**Task instructions**
Reproduce, character for character, the lines below from the first through the one with "import ezdxf". Leave pictures out.

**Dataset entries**

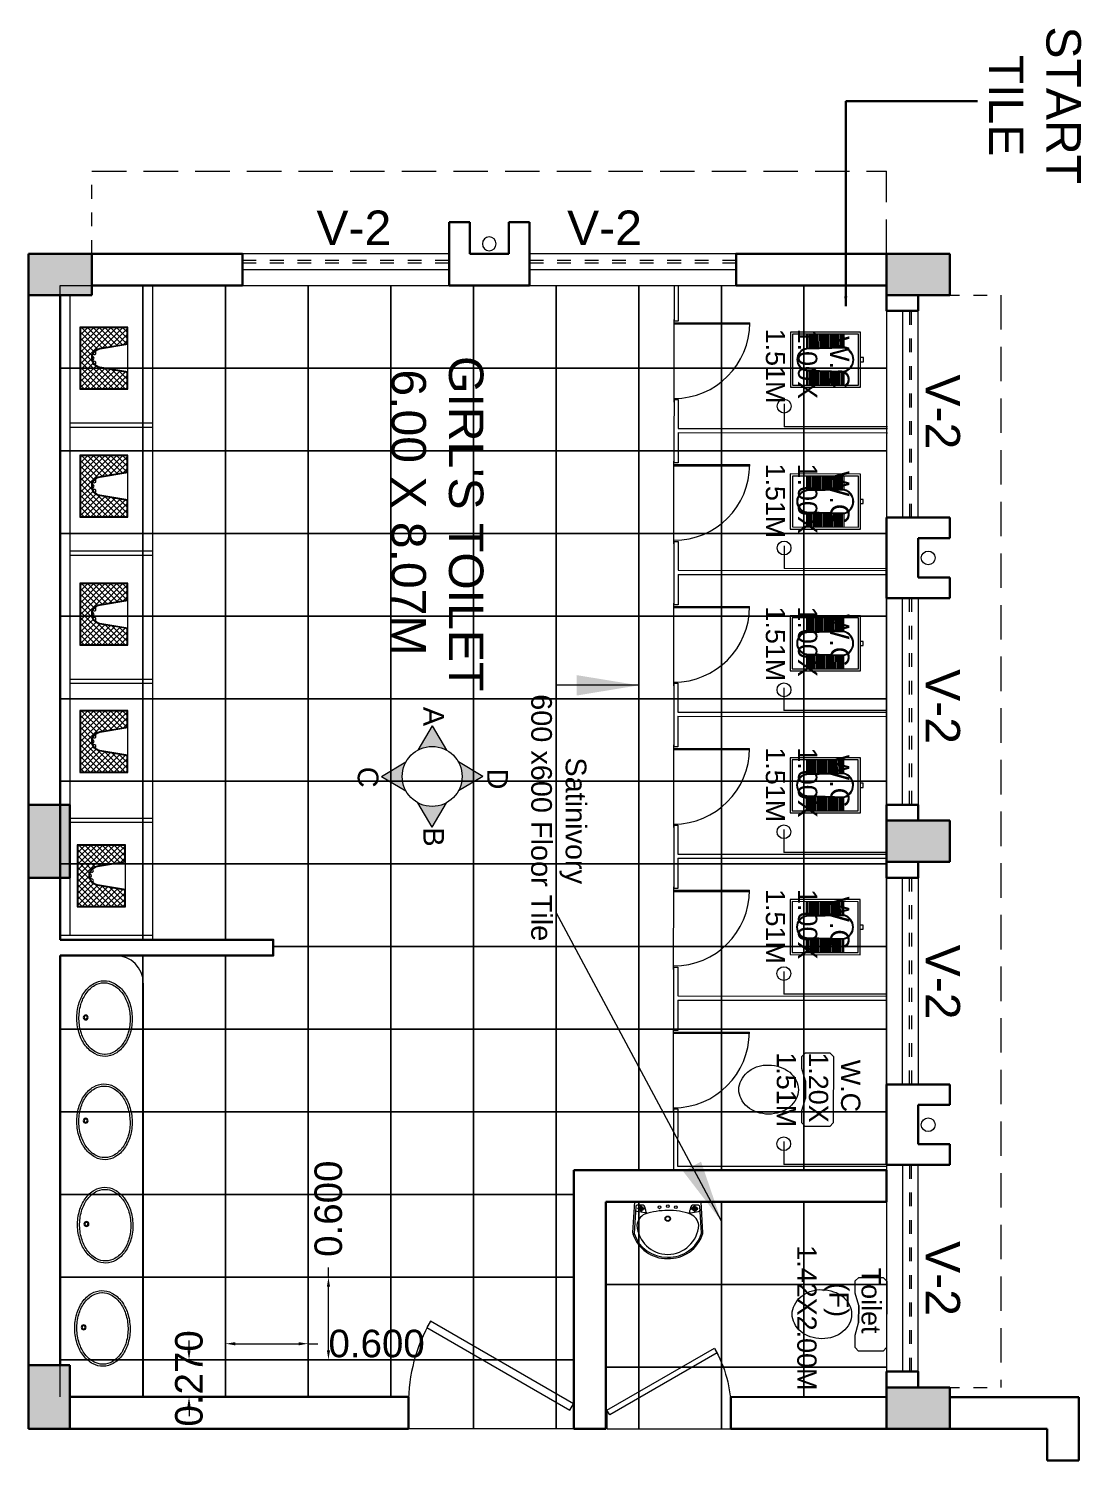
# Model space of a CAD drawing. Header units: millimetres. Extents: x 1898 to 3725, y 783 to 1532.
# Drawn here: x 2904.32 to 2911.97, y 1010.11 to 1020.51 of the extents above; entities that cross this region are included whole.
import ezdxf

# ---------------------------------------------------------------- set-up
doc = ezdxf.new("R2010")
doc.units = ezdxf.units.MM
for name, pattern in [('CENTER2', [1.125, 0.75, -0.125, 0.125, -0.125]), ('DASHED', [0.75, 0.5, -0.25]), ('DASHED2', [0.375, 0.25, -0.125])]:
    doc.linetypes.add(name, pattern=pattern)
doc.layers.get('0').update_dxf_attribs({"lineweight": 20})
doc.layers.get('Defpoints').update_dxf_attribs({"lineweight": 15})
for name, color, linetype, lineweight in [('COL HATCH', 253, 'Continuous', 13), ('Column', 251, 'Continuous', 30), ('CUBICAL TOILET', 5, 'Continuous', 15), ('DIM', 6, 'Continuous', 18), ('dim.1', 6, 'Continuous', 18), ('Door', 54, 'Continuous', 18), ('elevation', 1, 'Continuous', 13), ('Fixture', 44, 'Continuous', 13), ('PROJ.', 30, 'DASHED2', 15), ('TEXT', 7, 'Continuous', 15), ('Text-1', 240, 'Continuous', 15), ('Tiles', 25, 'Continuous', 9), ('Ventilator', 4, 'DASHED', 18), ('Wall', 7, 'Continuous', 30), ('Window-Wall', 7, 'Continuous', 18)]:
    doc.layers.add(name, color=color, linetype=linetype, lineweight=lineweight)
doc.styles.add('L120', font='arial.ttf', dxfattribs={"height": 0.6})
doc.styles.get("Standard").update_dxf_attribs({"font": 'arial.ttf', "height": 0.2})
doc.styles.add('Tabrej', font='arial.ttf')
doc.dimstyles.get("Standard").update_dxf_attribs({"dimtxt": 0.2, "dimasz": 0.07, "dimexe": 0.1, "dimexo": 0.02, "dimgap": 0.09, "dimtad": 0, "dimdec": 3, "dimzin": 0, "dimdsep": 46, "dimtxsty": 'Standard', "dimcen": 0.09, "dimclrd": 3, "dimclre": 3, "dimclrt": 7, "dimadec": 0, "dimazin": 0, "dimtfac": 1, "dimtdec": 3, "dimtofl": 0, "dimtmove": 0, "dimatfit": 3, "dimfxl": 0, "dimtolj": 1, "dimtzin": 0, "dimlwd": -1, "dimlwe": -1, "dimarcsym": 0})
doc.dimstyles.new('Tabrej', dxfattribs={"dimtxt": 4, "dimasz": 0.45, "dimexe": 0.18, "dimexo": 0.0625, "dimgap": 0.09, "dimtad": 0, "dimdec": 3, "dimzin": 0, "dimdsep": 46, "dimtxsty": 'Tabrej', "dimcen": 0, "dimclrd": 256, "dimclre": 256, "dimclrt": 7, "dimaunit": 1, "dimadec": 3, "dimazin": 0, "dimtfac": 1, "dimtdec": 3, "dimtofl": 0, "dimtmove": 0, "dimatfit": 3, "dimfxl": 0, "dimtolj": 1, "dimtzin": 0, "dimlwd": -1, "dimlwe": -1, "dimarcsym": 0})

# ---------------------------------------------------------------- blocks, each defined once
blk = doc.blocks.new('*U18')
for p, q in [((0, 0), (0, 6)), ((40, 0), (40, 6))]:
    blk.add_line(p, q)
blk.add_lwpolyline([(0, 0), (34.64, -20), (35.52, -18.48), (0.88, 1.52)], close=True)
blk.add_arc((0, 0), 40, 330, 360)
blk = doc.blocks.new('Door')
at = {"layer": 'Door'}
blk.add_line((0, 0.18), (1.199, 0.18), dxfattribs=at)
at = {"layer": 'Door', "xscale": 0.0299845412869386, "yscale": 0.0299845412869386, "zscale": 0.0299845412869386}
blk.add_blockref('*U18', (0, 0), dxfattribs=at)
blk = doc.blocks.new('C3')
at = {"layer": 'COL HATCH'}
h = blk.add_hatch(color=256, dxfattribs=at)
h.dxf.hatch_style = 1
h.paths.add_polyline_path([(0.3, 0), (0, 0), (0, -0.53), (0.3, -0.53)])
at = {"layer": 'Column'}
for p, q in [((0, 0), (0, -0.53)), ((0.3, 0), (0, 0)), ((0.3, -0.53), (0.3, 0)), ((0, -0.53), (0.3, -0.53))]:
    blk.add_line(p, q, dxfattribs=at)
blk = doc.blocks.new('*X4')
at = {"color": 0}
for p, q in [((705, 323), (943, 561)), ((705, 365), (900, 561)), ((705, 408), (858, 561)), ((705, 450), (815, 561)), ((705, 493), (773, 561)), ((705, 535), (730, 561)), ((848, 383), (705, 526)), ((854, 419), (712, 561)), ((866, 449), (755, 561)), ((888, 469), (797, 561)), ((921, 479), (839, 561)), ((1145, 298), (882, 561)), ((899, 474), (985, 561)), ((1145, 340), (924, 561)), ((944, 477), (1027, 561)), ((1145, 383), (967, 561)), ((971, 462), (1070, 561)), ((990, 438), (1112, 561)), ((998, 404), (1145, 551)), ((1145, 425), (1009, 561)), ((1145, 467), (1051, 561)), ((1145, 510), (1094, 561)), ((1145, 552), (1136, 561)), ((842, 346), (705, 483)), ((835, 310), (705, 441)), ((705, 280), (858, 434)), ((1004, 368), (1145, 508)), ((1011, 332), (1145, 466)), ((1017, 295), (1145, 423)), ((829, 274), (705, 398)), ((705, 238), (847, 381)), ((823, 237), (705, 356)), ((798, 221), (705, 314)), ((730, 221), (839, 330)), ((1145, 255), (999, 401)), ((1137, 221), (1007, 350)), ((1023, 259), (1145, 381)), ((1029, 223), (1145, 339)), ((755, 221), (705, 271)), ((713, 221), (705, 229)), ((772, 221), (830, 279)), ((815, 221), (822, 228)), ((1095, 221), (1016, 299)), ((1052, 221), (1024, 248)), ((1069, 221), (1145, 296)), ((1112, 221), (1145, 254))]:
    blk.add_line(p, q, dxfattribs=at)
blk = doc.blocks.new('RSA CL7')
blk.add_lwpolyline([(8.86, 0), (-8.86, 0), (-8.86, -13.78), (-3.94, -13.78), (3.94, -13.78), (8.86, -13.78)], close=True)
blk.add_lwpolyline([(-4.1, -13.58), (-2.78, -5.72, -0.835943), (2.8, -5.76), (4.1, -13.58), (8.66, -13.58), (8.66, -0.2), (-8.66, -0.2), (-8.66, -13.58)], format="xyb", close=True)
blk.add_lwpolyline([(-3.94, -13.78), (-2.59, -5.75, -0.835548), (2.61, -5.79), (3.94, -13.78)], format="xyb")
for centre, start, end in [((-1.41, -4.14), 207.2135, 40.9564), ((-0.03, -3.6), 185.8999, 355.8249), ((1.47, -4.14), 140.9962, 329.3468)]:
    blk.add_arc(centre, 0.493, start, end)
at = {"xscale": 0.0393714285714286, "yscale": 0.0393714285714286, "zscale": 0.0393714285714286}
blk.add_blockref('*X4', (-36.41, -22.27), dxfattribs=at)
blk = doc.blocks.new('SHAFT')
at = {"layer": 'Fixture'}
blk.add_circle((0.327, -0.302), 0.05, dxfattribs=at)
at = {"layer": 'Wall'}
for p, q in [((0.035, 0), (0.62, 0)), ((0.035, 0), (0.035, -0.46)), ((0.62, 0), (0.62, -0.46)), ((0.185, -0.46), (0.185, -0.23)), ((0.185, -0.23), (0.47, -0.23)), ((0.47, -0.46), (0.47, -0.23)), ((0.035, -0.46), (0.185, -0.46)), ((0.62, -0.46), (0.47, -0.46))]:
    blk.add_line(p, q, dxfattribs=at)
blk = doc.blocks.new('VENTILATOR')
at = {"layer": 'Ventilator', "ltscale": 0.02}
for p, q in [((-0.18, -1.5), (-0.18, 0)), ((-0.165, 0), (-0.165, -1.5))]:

**Answer to the problem**
# Model space of a CAD drawing. Header units: millimetres. Extents: x 1898 to 3725, y 783 to 1532.
# Drawn here: x 2904.32 to 2911.97, y 1010.11 to 1020.51 of the extents above; entities that cross this region are included whole.
import ezdxf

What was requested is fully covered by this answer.